[LAU] Landlines, was Re: M/S EQ in Linux

Simon Wise simonzwise at gmail.com
Mon Sep 16 06:56:46 UTC 2013


On 15/09/13 18:15, Gordon JC Pearce wrote:
> On Sat, Sep 14, 2013 at 09:11:04PM -1000, david wrote:
>> I understand the old phone system audio was optimized for one thing:
>> human speech. Narrow frequency range centered around the average
>> human speech range.
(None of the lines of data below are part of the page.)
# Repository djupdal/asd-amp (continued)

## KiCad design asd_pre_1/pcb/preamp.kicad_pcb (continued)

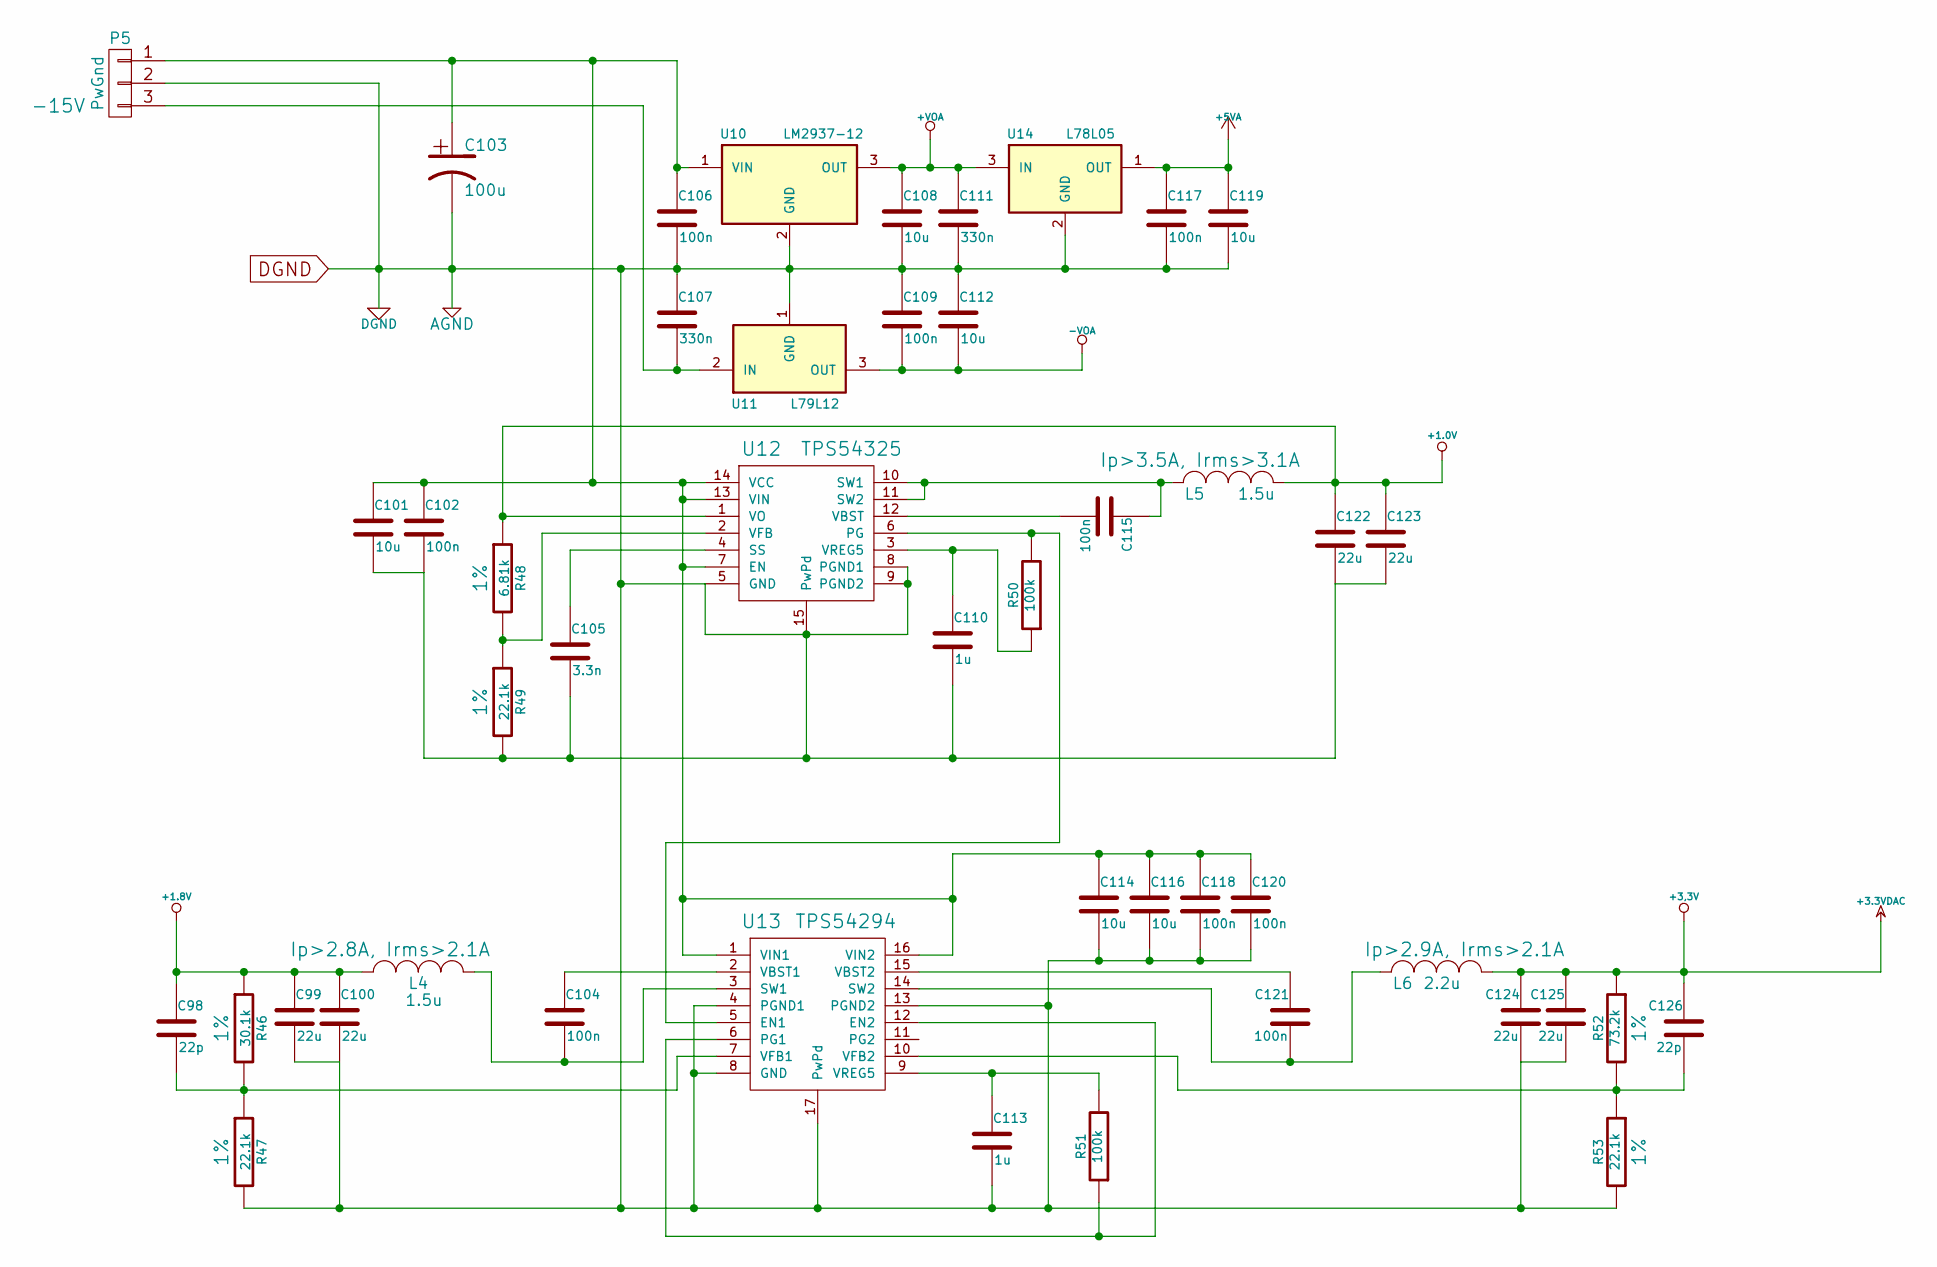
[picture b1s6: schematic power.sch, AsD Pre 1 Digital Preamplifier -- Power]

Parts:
C98, C126: 22p; C_0603_HandSoldering
C99, C100, C122, C123, C124, C125: 22u; C_0805_HandSoldering
C101, C108, C112, C114, C116, C119: 10u; C_0805_HandSoldering
C102, C104, C106, C109, C115, C117, C118, C120, C121: 100n; C_0603_HandSoldering
C103: 100u; TantalC_SizeB_EIA-3528_HandSoldering
C105: 3.3n; C_0603_HandSoldering
C107, C111: 330n; C_0603_HandSoldering
C110, C113: 1u; C_0805_HandSoldering
L4, L5: 1.5u; SPM3015
L6: 2.2u; SPM3015
P5: PwGnd; Terminal_Block_3_5mm
R46: 30.1k; R_0805_HandSoldering
R47, R49, R53: 22.1k; R_0805_HandSoldering
R48: 6.81k; R_0805_HandSoldering
R50, R51: 100k; R_0805_HandSoldering
R52: 73.2k; R_0805_HandSoldering
U10: LM2937-12; SOT-223
U11: L79L12; SOT89-3_Housing_Handsoldering
U12: TPS54325; TSSOP-14_4.4x5mm_Pitch0.65mm_exposed_pad
U13: TPS54294; TSSOP-16-1EP_4.4x5mm_Pitch0.65mm
U14: L78L05; SOT89-3_Housing_Handsoldering

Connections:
+1.0V: C122.1, C123.1, L5.2, R48.1, U12.1 (VO); also elsewhere on the board
+1.8V: C98.1, C99.1, C100.1, L4.1, R46.1; also elsewhere on the board
+3.3V: C124.1, C125.1, C126.1, L6.1, R52.1; also elsewhere on the board
+5VA: C117.1, C119.1, U14.1 (OUT); also elsewhere on the board
+VOA: C108.1, C111.1, U10.3 (OUT), U14.3 (IN); also elsewhere on the board
-VOA: C109.2, C112.2, U11.3 (OUT); also elsewhere on the board
DGND: C99.2, C100.2, C101.2, C102.2, C103.2, C105.2, C106.2, C107.1, C108.2, C109.1, C110.2, C111.2, C112.1, C113.2, C114.2, C116.2, C117.2, C118.2, C119.2, C120.2, C122.2, C123.2, C124.2, C125.2, P5.2, R47.2, R49.2, R53.2, U10.2 (GND), U11.1 (GND), U12.5 (GND), U12.8 (PGND1), U12.9 (PGND2), U12.15 (PwPd), U13.4 (PGND1), U13.8 (GND), U13.13 (PGND2), U13.17 (PwPd), U14.2 (GND); also elsewhere on the board
unnamed: C98.2, R46.2, R47.1, U13.7 (VFB1)
unnamed: C101.1, C102.1, C103.1, C106.1, C114.1, C116.1, C118.1, C120.1, P5.1, U10.1 (VIN), U12.7 (EN), U12.13 (VIN), U12.14 (VCC), U13.1 (VIN1), U13.16 (VIN2)
unnamed: C104.1, U13.2 (VBST1)
unnamed: C104.2, L4.2, U13.3 (SW1)
unnamed: C105.1, U12.4 (SS)
unnamed: C107.2, P5.3, U11.2 (IN)
unnamed: C110.1, R50.1, U12.3 (VREG5)
unnamed: C113.1, R51.2, U13.9 (VREG5)
unnamed: C115.1, L5.1, U12.10 (SW1), U12.11 (SW2)
unnamed: C115.2, U12.12 (VBST)
unnamed: C121.1, U13.15 (VBST2)
unnamed: C121.2, L6.2, U13.14 (SW2)
unnamed: C126.2, R52.2, R53.1, U13.10 (VFB2)
unnamed: R48.2, R49.1, U12.2 (VFB)
unnamed: R50.2, U12.6 (PG), U13.5 (EN1)
unnamed: R51.1, U13.6 (PG1), U13.12 (EN2)

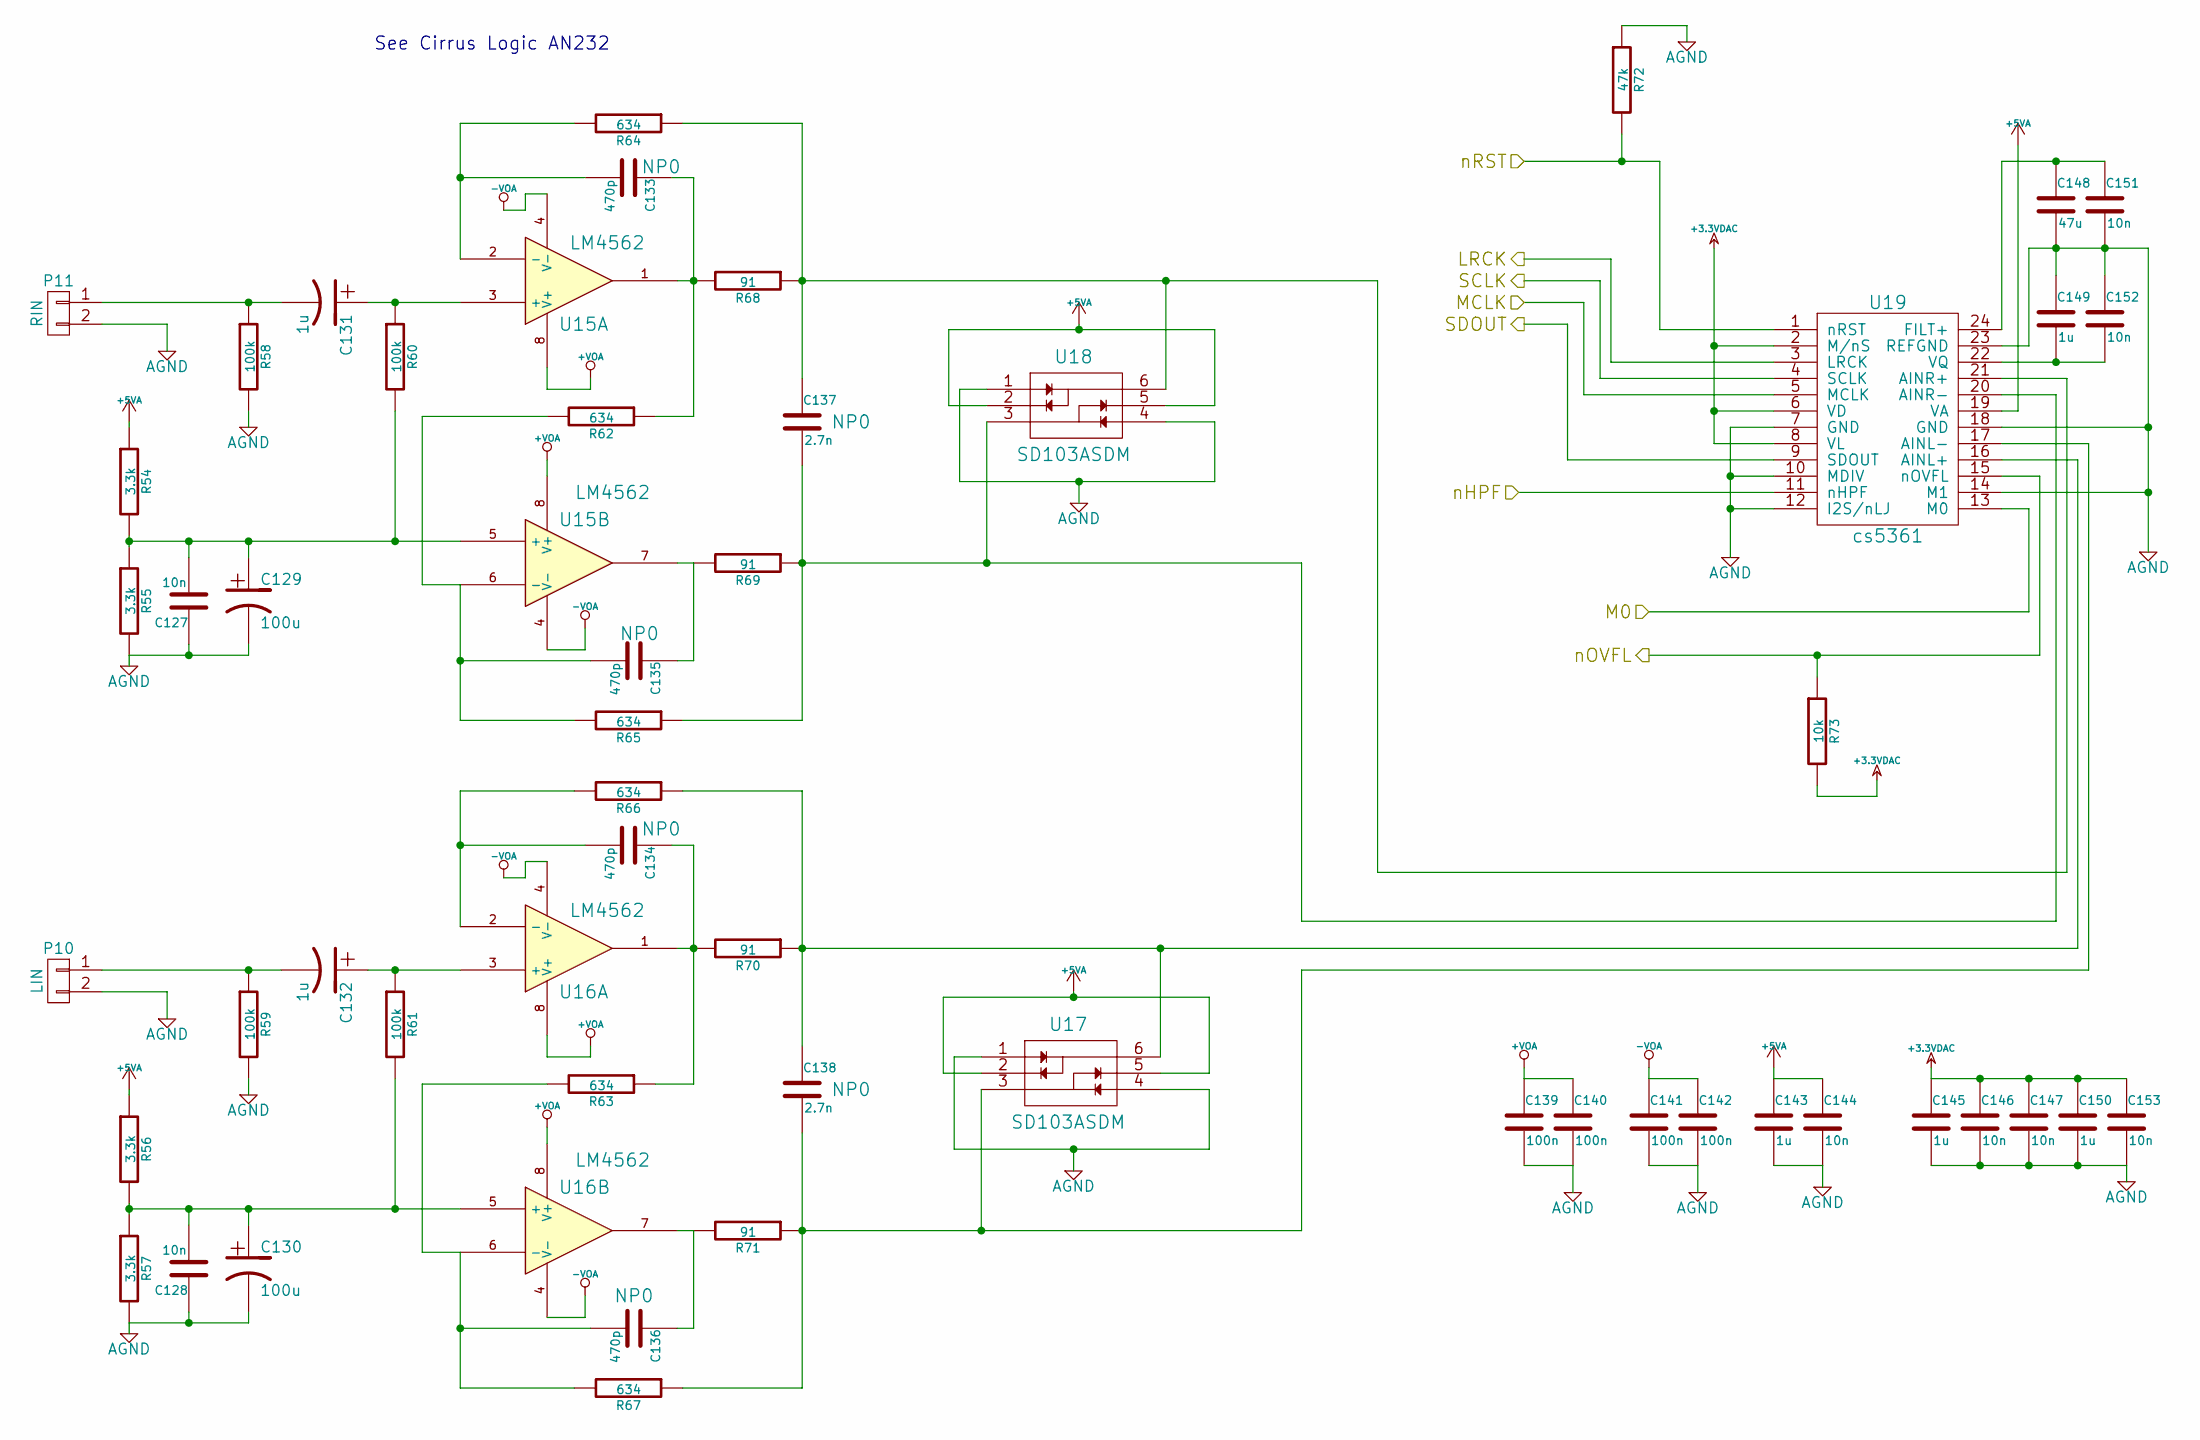
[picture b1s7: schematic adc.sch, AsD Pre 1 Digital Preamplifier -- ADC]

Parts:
C127, C128, C144, C146, C147, C151, C152, C153: 10n; C_0603_HandSoldering
C129, C130: 100u; TantalC_SizeB_EIA-3528_HandSoldering
C131, C132, C143, C145, C149, C150: 1u; C_0805_HandSoldering
C133, C134, C135, C136: 470p; C_0603_HandSoldering
C137, C138: 2.7n; C_0603_HandSoldering
C139, C140, C141, C142: 100n; C_0603_HandSoldering
C148: 47u; C_1210_HandSoldering
P10: LIN; Terminal_Block_2_2.5mm
P11: RIN; Terminal_Block_2_2.5mm
R54, R55, R56, R57: 3.3k; R_0805_HandSoldering
R58, R59, R60, R61: 100k; R_0805_HandSoldering
R62, R63, R64, R65, R66, R67: 634; R_0805_HandSoldering
R68, R69, R70, R71: 91; R_0805_HandSoldering
R72: 47k; R_0805_HandSoldering
R73: 10k; R_0805_HandSoldering
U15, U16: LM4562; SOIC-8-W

Listening to music over that was horrible!
>>
>> My cheap cell phone plays music far better than any landline phone ever did.
>>
>
> I use a lot of four-wire landlines at work, which are considerably "flatter" than normal phone circuits.  You can order bare copper with flat response to about 10kHz which used to be used for broadcast links apparently.  The new AOD stuff is more reliable (and can be switched like telephone calls, unlike hardwired links) but is restricted to "telephone bandwidth" by the digital codecs used.
>
> They're still hellish expensive though, at roughly eight grand per year per link ;-)
>

that's about what we paid in 1980 for such a link between to radio studios only 
a few kilometres apart ... that gave a high quality, tested, stereo link that 
was always ours, not shared in any way. Other landlines always varied a lot 
depending on there age and condition, but in terms of voice calls unless you had 
some old or long connection or something they were a lot clearer and more 
reliable than cellphones are here now.